# Sad Day



## Ruger (Jan 22, 2011)

Today was sad day for me. I was born and raised here in southwest Colorado and one of my favorite areas was hit by a wildfire. Winds were very strong today and I sat on the rim of the Dolores river canyon below McPhee *[Excuse my language.... I have a limited vocabulary]* watching a wildfire sweep thru an area that I have hunted and fished in for 35 years. The memories I have in that area are none that I'll ever forget. It is a place my late father and I spent many hours and days as my father taught me to be an outdoorsman and to appreciate the outdoors and life and experiences you can only get by being out in the wild areas. I know the area was overgrown with brush and trees and a burn was probably a good thing, eventually for the area, however it was still a hard thing to see it go. The thing that hurts the most is that the fire had to be caused by humans, no lightning in this area since last summer. Whether it was a campfire or a cigarette thrown out the window of a car I hope people start being more careful. I have a feeling its gonna be a dry year, usually there is still 2 feet of snow on the ground in the area that the fire ravaged thru today.
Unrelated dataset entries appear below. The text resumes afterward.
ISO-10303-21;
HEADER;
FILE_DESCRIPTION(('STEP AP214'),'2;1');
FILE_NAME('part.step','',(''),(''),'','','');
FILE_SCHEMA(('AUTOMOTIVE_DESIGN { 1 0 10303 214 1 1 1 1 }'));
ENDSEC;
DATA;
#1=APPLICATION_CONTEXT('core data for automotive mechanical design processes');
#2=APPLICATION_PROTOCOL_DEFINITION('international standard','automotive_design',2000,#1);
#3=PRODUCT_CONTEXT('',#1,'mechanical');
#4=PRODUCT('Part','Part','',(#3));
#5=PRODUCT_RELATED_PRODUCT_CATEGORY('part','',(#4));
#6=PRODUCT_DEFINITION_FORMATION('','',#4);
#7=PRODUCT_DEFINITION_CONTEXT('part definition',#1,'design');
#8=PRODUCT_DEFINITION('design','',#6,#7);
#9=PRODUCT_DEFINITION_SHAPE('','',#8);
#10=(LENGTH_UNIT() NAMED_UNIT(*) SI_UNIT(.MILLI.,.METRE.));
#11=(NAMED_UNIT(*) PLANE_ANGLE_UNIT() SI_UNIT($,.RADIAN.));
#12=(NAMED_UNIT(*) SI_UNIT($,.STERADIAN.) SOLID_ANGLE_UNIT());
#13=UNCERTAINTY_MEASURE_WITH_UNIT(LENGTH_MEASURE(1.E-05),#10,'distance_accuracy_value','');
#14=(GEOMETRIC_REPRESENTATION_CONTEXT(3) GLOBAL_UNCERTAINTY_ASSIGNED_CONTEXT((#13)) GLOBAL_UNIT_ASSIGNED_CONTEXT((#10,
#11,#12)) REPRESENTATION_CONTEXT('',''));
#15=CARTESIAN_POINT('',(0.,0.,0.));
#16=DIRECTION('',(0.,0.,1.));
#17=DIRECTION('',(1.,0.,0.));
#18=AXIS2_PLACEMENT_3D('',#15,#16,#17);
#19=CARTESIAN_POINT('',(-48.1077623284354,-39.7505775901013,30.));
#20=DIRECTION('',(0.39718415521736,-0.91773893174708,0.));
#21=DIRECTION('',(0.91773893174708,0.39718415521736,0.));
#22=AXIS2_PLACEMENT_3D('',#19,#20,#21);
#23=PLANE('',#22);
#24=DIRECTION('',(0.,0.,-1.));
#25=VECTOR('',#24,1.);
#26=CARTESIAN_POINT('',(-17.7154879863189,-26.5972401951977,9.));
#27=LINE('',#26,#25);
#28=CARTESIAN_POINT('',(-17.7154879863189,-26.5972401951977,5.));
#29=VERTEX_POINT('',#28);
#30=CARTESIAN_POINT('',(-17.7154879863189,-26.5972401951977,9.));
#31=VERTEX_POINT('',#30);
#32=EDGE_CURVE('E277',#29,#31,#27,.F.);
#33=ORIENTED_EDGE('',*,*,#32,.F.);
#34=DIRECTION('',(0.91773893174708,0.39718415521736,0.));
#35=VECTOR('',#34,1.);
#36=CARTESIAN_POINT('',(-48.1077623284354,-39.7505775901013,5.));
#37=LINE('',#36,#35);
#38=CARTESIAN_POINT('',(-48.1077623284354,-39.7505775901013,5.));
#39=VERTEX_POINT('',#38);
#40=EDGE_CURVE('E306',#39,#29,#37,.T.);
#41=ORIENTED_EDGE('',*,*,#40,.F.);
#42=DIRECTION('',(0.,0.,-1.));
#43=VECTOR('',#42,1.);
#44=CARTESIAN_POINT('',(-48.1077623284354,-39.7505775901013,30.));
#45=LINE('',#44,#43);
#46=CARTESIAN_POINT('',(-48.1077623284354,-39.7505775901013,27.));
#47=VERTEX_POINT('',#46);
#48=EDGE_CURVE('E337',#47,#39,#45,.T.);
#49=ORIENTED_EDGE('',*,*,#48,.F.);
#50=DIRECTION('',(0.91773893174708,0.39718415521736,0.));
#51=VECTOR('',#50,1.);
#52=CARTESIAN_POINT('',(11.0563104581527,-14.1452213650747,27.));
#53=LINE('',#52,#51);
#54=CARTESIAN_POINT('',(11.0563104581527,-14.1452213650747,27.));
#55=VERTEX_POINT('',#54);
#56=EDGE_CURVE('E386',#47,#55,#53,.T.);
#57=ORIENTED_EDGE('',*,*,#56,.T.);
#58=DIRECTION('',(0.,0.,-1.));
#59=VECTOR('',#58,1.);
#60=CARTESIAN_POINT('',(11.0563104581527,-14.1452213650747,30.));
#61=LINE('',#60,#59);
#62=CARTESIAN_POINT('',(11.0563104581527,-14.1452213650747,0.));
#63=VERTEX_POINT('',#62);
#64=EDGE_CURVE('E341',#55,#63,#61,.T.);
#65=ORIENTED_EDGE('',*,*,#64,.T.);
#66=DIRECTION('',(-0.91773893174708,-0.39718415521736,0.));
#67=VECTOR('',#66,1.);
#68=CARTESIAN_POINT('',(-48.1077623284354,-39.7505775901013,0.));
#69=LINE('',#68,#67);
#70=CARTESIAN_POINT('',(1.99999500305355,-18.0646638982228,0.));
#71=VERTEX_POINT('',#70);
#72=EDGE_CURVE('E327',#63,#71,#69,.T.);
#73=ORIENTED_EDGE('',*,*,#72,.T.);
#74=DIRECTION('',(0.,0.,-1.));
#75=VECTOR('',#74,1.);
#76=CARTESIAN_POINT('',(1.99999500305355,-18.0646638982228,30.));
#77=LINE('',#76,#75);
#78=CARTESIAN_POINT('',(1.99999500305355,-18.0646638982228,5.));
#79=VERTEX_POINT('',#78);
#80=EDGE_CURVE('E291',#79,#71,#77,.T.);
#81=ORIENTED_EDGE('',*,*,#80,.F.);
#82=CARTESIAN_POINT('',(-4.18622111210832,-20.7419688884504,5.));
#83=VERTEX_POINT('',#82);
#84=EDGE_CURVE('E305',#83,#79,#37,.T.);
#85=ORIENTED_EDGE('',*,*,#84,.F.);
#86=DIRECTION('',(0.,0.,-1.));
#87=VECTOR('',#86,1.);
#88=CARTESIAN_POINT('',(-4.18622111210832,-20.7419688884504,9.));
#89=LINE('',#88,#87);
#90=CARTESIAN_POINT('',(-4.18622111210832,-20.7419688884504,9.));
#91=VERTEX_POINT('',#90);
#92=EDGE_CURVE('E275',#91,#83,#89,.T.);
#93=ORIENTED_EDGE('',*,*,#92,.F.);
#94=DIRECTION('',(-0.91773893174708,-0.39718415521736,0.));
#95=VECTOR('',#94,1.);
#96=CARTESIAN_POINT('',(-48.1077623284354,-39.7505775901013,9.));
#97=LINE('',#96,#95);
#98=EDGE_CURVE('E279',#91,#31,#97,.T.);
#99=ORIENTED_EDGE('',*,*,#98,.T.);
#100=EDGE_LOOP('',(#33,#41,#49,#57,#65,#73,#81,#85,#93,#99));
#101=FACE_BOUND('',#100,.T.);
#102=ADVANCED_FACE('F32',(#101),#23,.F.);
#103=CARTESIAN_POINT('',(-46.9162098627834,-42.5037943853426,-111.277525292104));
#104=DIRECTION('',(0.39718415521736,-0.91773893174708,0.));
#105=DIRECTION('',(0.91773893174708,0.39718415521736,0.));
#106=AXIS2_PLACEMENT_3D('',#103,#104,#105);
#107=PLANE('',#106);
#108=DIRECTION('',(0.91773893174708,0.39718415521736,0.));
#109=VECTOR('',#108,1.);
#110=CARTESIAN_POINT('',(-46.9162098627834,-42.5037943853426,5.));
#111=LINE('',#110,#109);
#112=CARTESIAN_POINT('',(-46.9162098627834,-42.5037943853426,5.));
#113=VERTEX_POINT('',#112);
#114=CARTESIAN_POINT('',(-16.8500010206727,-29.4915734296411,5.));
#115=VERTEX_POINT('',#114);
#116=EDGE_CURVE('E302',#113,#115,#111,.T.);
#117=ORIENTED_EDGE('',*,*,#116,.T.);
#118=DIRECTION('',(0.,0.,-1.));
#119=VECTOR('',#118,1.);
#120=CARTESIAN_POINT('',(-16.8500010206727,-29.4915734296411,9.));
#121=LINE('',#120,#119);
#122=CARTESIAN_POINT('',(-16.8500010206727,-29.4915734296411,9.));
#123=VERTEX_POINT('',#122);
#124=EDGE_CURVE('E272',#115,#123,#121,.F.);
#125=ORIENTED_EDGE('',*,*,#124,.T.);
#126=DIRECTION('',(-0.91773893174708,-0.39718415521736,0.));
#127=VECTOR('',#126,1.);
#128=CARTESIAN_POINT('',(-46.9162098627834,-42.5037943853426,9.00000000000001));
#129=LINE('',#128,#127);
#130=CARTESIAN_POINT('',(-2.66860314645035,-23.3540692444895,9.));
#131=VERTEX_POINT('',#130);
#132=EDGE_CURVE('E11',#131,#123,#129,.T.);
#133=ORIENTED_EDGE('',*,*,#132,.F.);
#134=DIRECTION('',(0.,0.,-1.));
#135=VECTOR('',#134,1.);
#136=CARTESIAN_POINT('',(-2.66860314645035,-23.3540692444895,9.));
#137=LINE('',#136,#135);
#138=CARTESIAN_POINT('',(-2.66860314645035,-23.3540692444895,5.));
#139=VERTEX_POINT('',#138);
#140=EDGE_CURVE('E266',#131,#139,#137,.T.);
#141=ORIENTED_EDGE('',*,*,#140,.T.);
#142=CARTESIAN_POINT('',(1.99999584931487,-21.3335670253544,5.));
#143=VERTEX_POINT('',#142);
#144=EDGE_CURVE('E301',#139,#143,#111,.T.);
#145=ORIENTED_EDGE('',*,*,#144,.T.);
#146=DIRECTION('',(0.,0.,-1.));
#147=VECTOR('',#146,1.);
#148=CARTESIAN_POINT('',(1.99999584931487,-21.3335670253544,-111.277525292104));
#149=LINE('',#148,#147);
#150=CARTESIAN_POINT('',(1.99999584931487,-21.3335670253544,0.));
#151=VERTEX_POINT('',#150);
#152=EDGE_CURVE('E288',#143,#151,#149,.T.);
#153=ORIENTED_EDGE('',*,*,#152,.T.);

There is a chance of rain tommorrow and I pray that it happens to give the firefighters a chance to help get the fire under control.


----------



## ebbs (Feb 7, 2010)

Wow, in mourning with you right now, Ruger. Sad to hear it.


----------



## youngdon (Mar 10, 2010)

That is a terrible thing, I've seen some big burn areas and some small ones through the years and there ain't none of them pretty. Hopefully if Ma nature cooperates things will start to sprout soon. I hope you had some pockets that the fire missed.


----------



## SWAMPBUCK10PT (Apr 5, 2010)

Memories are special-----Thanks for sharing--------SB


----------



## On a call (Mar 3, 2010)

You will again see the area green and alive. Perhaps not as you remember it but as God restores it, you see it alive and living. We all came from dust and so we will return.


----------



## Ruger (Jan 22, 2011)

Ya The country will restore itself and the wildlife will thrive again. Really hated to see it burn but thats the way it goes. Had a little moisture today. I haven't heard how much it helped in putting out the fire. I'll have to drive up there in the next couple of days and check it out.


----------



## youngdon (Mar 10, 2010)

I've killed a some nice animals on the edges of what burned two years prior. Once the grass starts to grow the deer and elk are all over it.


----------



## El Gato Loco (Jan 15, 2010)

Sorry to hear it man. I was pumping gas yesterday when the wind ripped thru and about ripped my door off. I thought to myself "Man, I hope there are no fires today" but I guess that thought was not enough.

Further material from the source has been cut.